Down Sixth street, the line for Echo and the Bunnymen
was prohibitive, and I instead took my chances at Maggie Mae's for Robert Gomez
, a Denton, Texas native with string section, French horn and a Depression-era typewriter for percussion. The set was sweeping and lovely, though only myself and 25 others cared to listen. Over at the alley-side Ale House, I caught a deliriously surprising set from Hoots and Hellmouth
, a Philly bluegrass-minus-banjo rock band, who stomped the floorboards from their first song to the last.
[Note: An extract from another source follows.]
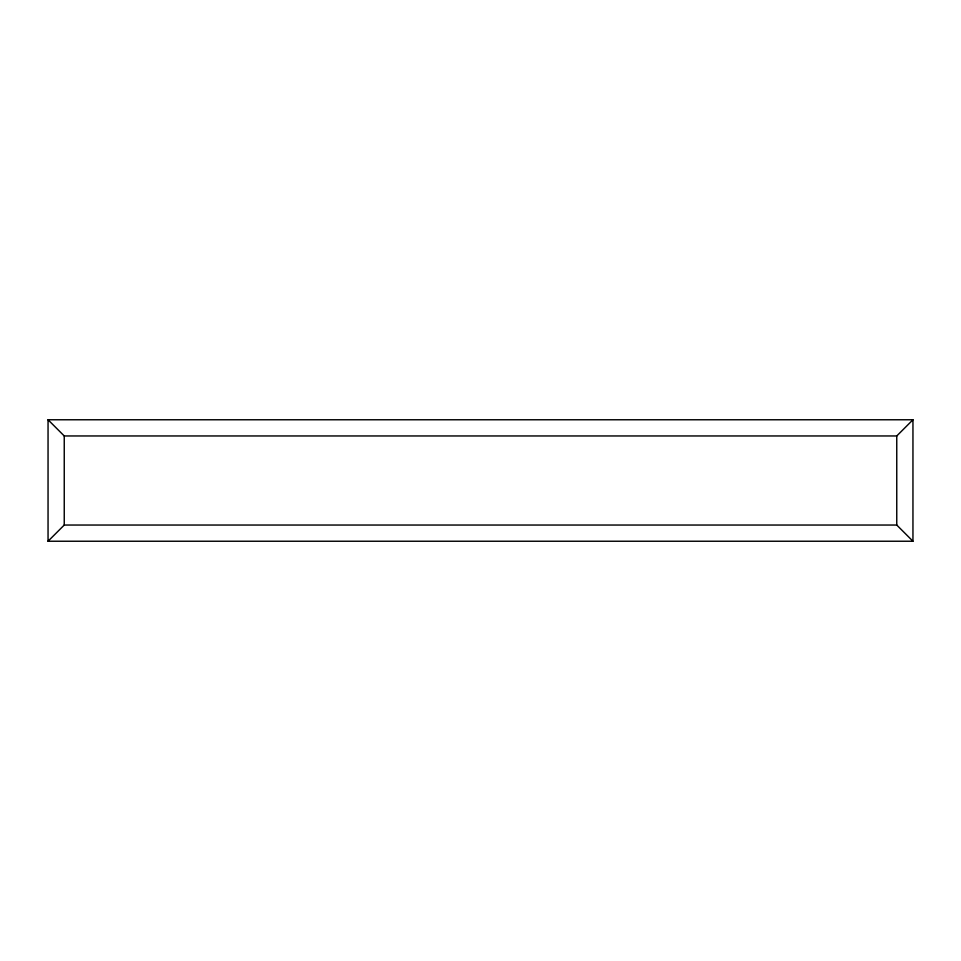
<?xml version="1.0" encoding="UTF-8"?>
<svg xmlns="http://www.w3.org/2000/svg" width="961" height="961" viewBox="0 0 961 961"><rect width="100%" height="100%" fill="white"/><g stroke="black" fill="none" stroke-linecap="round" stroke-linejoin="round"><path stroke-width="1.44" d="M48.05 541.235L64.243 525.042L896.757 525.042L912.95 541.235L912.95 419.765L48.05 419.765L48.05 541.235L912.95 541.235M48.05 419.765L64.243 435.958L896.757 435.958L912.95 419.765M896.757 435.958L896.757 525.042M64.243 435.958L64.243 525.042"/></g></svg>

Soaked in sweat and string band punk, the four piece was not texting it in. (Twangfest
would do well to book them now.)
I would have been happy to end the night then and there, but just down the street free American Spirit cigarettes called my name and Billy Bob Thornton
and the Boxmasters echoed the refrain.
|Billy Bob Thornton singing for The Boxmasters|
Much as Thornton is one of country music's most purely unlistenable singers, he did tap dance with Angelina Jolie (a fact pointed out to me by no less than five random dudes) and he did promise some excellent between-song banter, delivered in the form of a weird lecture to a young woman at the front of the stage. "Never pass a singer a note just when he's starting a song," he said. "I'm sorry you can't hear my voice, but if you'll notice, the speakers are over there, so of course you can't hear my voice. If you want to hear my voice, buy the record. You can hear the band, can't you?" She could, as could I, and the six piece Boxmasters, dressed in matching black suits, were simply sick, tight as Thornton's plastic surgery and a bargain at twice their veteran fees. They even made a cover of the Ozark Mountain Daredevils' "IIf You Wanna Get to Heaven" sound less like a classic rock joke and more like the country truth.